His attempts to live with others however did not last for long. He found many parts of modern life annoying such as clocks and trousers. In 1967 he returned to Suwarrow where he lived for ten years on his own before stomach cancer led to his death.[8]


2 Thomas Silverstein


When solitary confinement is imposed on a prisoner it can either be for their protection or the protection of guards and other inmates. It can also be a punishment used to force good behaviour. Thomas Silverstein became a legend of the American penal system when he spent the last 36 years of his life locked away alone. Some will say he deserved it, others will feel he was punished in a cruel and unusual manner.

He was first put in prison for a robbery that netted him only a few hundred dollars but once behind bars he was never to be freed. Joining the Aryan Brotherhood of White Nationalists in prison he participated in the murder of other inmates. For this he received additional life sentences. After the murder of a corrections officer Silverstein was placed in solitary confinement and was to be given “no human contact.” He was held in a windowless underground cell until released in a prison riot.

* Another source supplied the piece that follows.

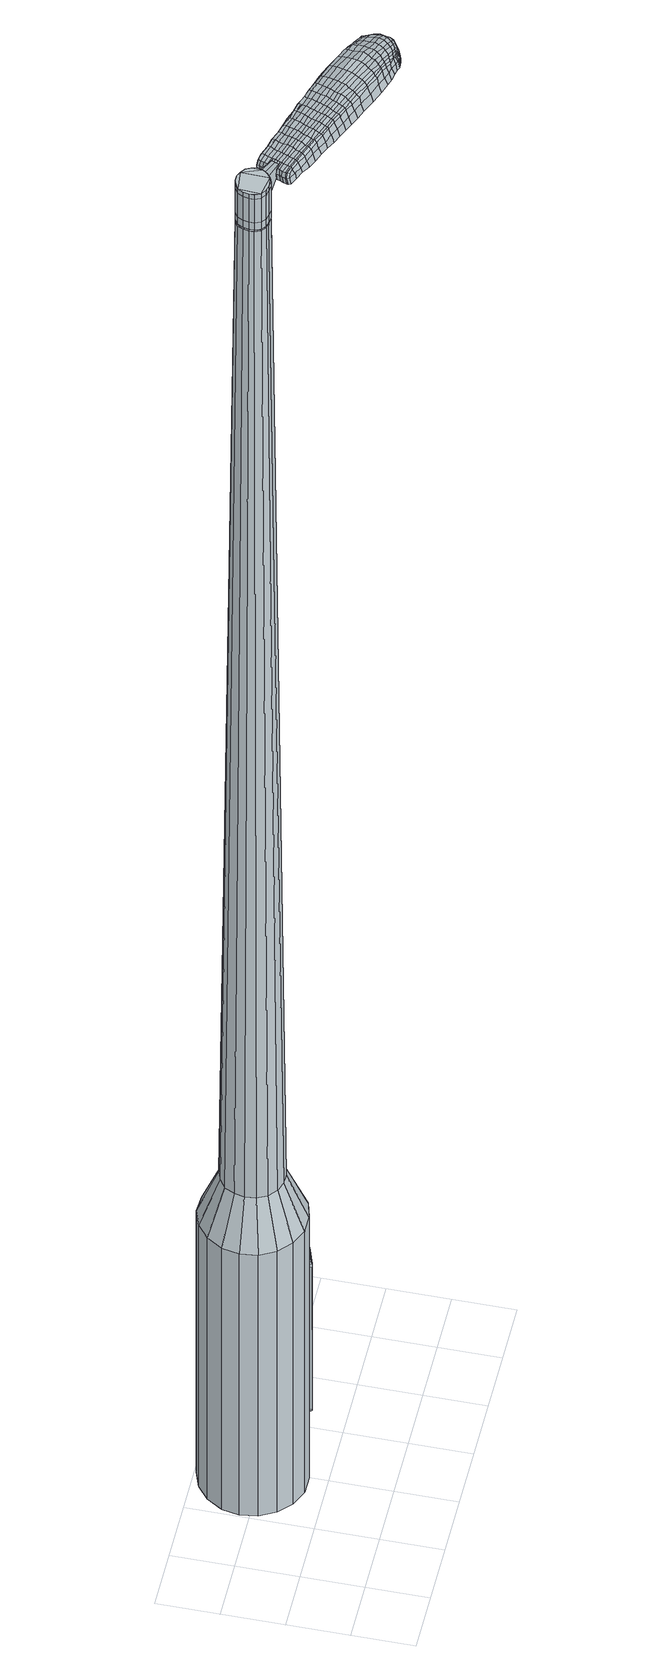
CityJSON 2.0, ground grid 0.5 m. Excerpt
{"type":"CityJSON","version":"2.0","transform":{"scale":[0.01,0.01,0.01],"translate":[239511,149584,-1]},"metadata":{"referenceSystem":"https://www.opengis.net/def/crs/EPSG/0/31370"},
"CityObjects":{
"object1":{"type":"GenericCityObject","attributes":{"cluster":903,"mean_distance_to_centroid":0.296,"new_centroid_x":239511.92,"new_centroid_y":149585.06,"mean_distance_to_camera":9.43,"H1":3.3,"H2":3.12,"Z_final":113.86,"cluster2":-1,"proj_x":239509.72,"proj_y":149590.56,"id_line":43032,"bearing_l":248.19,"distance":5.93,"orientation":"left","G_obj":338.19},"geometry":[{"type":"MultiSurface","lod":"2","boundaries":[[[0,1,2,3]],[[1,4,5,2]],[[4,6,7,5]],[[6,8,9,7]],[[8,10,11,9]],[[10,12,13,11]],[[12,14,15,13]],[[14,16,17,15]],[[16,18,19,17]],[[18,20,21,19]],[[20,22,23,21]],[[22,24,25,23]],[[24,26,27,25]],[[26,28,29,27]],[[28,30,31,29]],[[30,32,33,31]],[[32,34,35,33]],[[34,0,3,35]],[[36,37,38,39]],[[38,40,41,42]],[[41,43,42]],[[42,44,45,46]],[[45,47,46]],[[46,48,49,50]],[[49,51,50]],[[42,46,50,38]],[[50,52,39,38]],[[53,36,39]],[[2,5,7,35]],[[7,9,11,15]],[[11,13,15]],[[15,17,19,23]],[[19,21,23]],[[23,25,27,31]],[[27,29,31]],[[15,23,31,7]],[[31,33,35,7]],[[3,2,35]],[[1,0,54,55]],[[0,34,56,54]],[[34,32,57,56]],[[32,30,58,57]],[[30,28,59,58]],[[28,26,60,59]],[[26,24,61,60]],[[24,22,62,61]],[[22,20,63,62]],[[20,18,64,63]],[[18,16,65,64]],[[16,14,66,65]],[[14,12,67,66]],[[12,10,68,67]],[[10,8,69,68]],[[8,6,70,69]],[[6,4,71,70]],[[4,1,55,71]],[[55,54,72,73]],[[54,56,74,72]],[[56,57,75,74]],[[57,58,76,75]],[[58,59,77,76]],[[59,60,78,77]],[[60,61,79,78]],[[61,62,80,79]],[[62,63,81,80]],[[63,64,82,81]],[[64,65,83,82]],[[65,66,84,83]],[[66,67,85,84]],[[67,68,86,85]],[[68,69,87,86]],[[69,70,88,87]],[[70,71,89,88]],[[71,55,73,89]],[[90,91,92,73]],[[93,94,91,90]],[[95,96,94,93]],[[97,98,96,95]],[[77,99,98,97]],[[100,101,99,77]],[[102,103,101,100]],[[104,105,103,102]],[[106,107,105,104]],[[108,109,107,106]],[[83,110,109,108]],[[111,112,110,83]],[[113,114,112,111]],[[115,116,114,113]],[[87,117,116,115]],[[118,119,117,87]],[[89,120,119,118]],[[73,92,120,89]],[[121,122,123,124]],[[125,121,124,126]],[[127,125,126,128]],[[129,127,128,130]],[[131,129,130,132]],[[133,131,132,134]],[[135,133,134,136]],[[137,135,136,138]],[[139,137,138,140]],[[141,139,140,142]],[[143,141,142,144]],[[145,143,144,146]],[[147,145,146,148]],[[149,147,148,150]],[[151,149,150,152]],[[153,151,152,154]],[[72,90,73]],[[72,74,93,90]],[[74,75,95,93]],[[75,76,97,95]],[[76,77,97]],[[78,100,77]],[[78,79,102,100]],[[79,80,104,102]],[[80,81,106,104]],[[81,82,108,106]],[[82,83,108]],[[84,111,83]],[[84,85,113,111]],[[85,86,115,113]],[[86,87,115]],[[88,118,87]],[[88,89,118]],[[155,92,91]],[[156,119,120]],[[156,117,119]],[[157,116,117]],[[157,158,114,116]],[[158,159,112,114]],[[159,110,112]],[[160,109,110]],[[160,161,107,109]],[[161,162,105,107]],[[162,163,103,105]],[[163,164,101,103]],[[164,99,101]],[[165,98,99]],[[165,166,96,98]],[[166,167,94,96]],[[167,155,91,94]],[[39,52,153,168]],[[92,155,169,154]],[[53,39,168,122]],[[155,167,123,169]],[[36,53,122,121]],[[167,166,124,123]],[[37,36,121,125]],[[166,165,126,124]],[[38,37,125,127]],[[165,99,128,126]],[[40,38,127,129]],[[99,164,130,128]],[[41,40,129,131]],[[164,163,132,130]],[[43,41,131,133]],[[163,162,134,132]],[[42,43,133,135]],[[162,161,136,134]],[[44,42,135,137]],[[161,160,138,136]],[[45,44,137,139]],[[160,110,140,138]],[[47,45,139,141]],[[110,159,142,140]],[[46,47,141,143]],[[159,158,144,142]],[[48,46,143,145]],[[158,157,146,144]],[[49,48,145,147]],[[157,117,148,146]],[[51,49,147,149]],[[117,156,150,148]],[[50,51,149,151]],[[156,120,152,150]],[[52,50,151,153]],[[120,92,154,152]],[[153,154,170,171]],[[154,169,172,170]],[[169,123,173,172]],[[123,122,174,173]],[[122,168,175,174]],[[168,153,171,175]],[[176,177,178,179]],[[180,176,179,181]],[[176,180,182,183]],[[177,176,183,184]],[[185,186,187,188]],[[189,185,188,190]],[[185,189,191,192]],[[186,185,192,193]],[[194,195,196,197]],[[198,194,197,199]],[[194,198,200,201]],[[195,194,201,202]],[[203,204,205,206]],[[207,203,206,208]],[[203,207,209,210]],[[204,203,210,211]],[[212,213,214,215]],[[216,212,215,217]],[[212,216,218,219]],[[213,212,219,220]],[[221,222,223,224]],[[225,221,224,226]],[[221,225,227,228]],[[222,221,228,229]],[[230,231,232,233]],[[222,230,233,223]],[[230,222,229,234]],[[231,230,234,235]],[[236,237,238,239]],[[231,236,239,232]],[[236,231,235,240]],[[237,236,240,241]],[[242,180,181,243]],[[237,242,243,238]],[[242,237,241,244]],[[180,242,244,182]],[[245,246,247,248]],[[249,245,248,250]],[[245,249,251,252]],[[246,245,252,253]],[[254,255,256,257]],[[246,254,257,247]],[[254,246,253,258]],[[255,254,258,259]],[[260,261,262,263]],[[255,260,263,256]],[[260,255,259,264]],[[261,260,264,265]],[[266,267,268,269]],[[261,266,269,262]],[[266,261,265,270]],[[267,266,270,271]],[[272,177,184,273]],[[267,272,273,268]],[[272,267,271,274]],[[177,272,274,178]],[[275,276,277,278]],[[279,275,278,280]],[[275,279,281,282]],[[276,275,282,283]],[[284,285,286,287]],[[276,284,287,277]],[[284,276,283,288]],[[285,284,288,289]],[[290,291,292,293]],[[285,290,293,286]],[[290,285,289,294]],[[291,290,294,295]],[[296,189,190,297]],[[291,296,297,292]],[[296,291,295,298]],[[189,296,298,191]],[[299,300,301,302]],[[303,299,302,304]],[[299,303,305,306]],[[300,299,306,307]],[[308,309,310,311]],[[300,308,311,301]],[[308,300,307,312]],[[309,308,312,313]],[[314,315,316,317]],[[309,314,317,310]],[[314,309,313,318]],[[315,314,318,319]],[[320,321,322,323]],[[315,320,323,316]],[[320,315,319,324]],[[321,320,324,325]],[[326,186,193,327]],[[321,326,327,322]],[[326,321,325,328]],[[186,326,328,187]],[[329,215,214,330]],[[331,329,330,332]],[[329,331,333,334]],[[215,329,334,217]],[[335,331,332,336]],[[337,335,336,338]],[[335,337,339,340]],[[331,335,340,333]],[[341,337,338,342]],[[343,341,342,344]],[[341,343,345,346]],[[337,341,346,339]],[[347,343,344,348]],[[349,347,348,350]],[[347,349,351,352]],[[343,347,352,345]],[[353,349,350,354]],[[204,353,354,205]],[[353,204,211,355]],[[349,353,355,351]],[[356,357,202,201]],[[358,356,201,200]],[[356,358,359,360]],[[357,356,360,361]],[[362,363,361,360]],[[364,362,360,359]],[[362,364,365,366]],[[363,362,366,367]],[[368,369,367,366]],[[370,368,366,365]],[[368,370,371,372]],[[369,368,372,373]],[[374,375,373,372]],[[376,374,372,371]],[[374,376,209,207]],[[375,374,207,208]],[[377,378,379,380]],[[279,377,380,281]],[[377,279,280,381]],[[378,377,381,382]],[[383,198,199,384]],[[378,383,384,379]],[[383,378,382,385]],[[198,383,385,200]],[[386,387,388,389]],[[225,386,389,227]],[[386,225,226,390]],[[387,386,390,391]],[[392,393,394,395]],[[387,392,395,388]],[[392,387,391,396]],[[393,392,396,397]],[[398,195,202,399]],[[393,398,399,394]],[[398,393,397,400]],[[195,398,400,196]],[[401,402,403,404]],[[183,401,404,184]],[[401,183,182,405]],[[402,401,405,406]],[[407,408,409,410]],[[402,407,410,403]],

Once order was restored Silverstein was placed in solitary confinement again, with minimal room to exercise. A court case was brought on his behalf that what he was undergoing was unconstitutional but since other prisoners were also placed in solitary confinement Silverstein’s treatment was judged to be legal. He died in 2019, well before his theoretical release date of 2095.[9]

1 Alfred Worden


We currently share our planet with 7.5 billion other people. There is only so far you can ever truly get away from another person. To get some true isolation you have to head upwards. Most astronauts never leave near Earth orbit so are only tens of miles up in the sky, and even they have companions on their trips. Alfred Weston, who remained in the Apollo 15 command module, has been dubbed the most isolated human ever.

While his fellow astronauts went for a stroll on the lunar surface he remained in orbit. As the module passed to opposite side of the moon he was 2,235 miles (3,600 km) away from them, not to mention 240,000 miles (390,000 km) from everyone else. While the moon was between him and every other human in existence Worden could not even receive radio messages. He was totally alone – not that he minded it.

“I was alone but I was not lonely. My background was as a fighter pilot in the air force, then as a test pilot–and that was mostly in fighter airplanes–so I was very used to being by myself. I thoroughly enjoyed it. I didn’t have to talk to Dave and Jim any more … On the backside of the Moon, I didn’t even have to talk to Houston and that was the best part of the flight.”[10]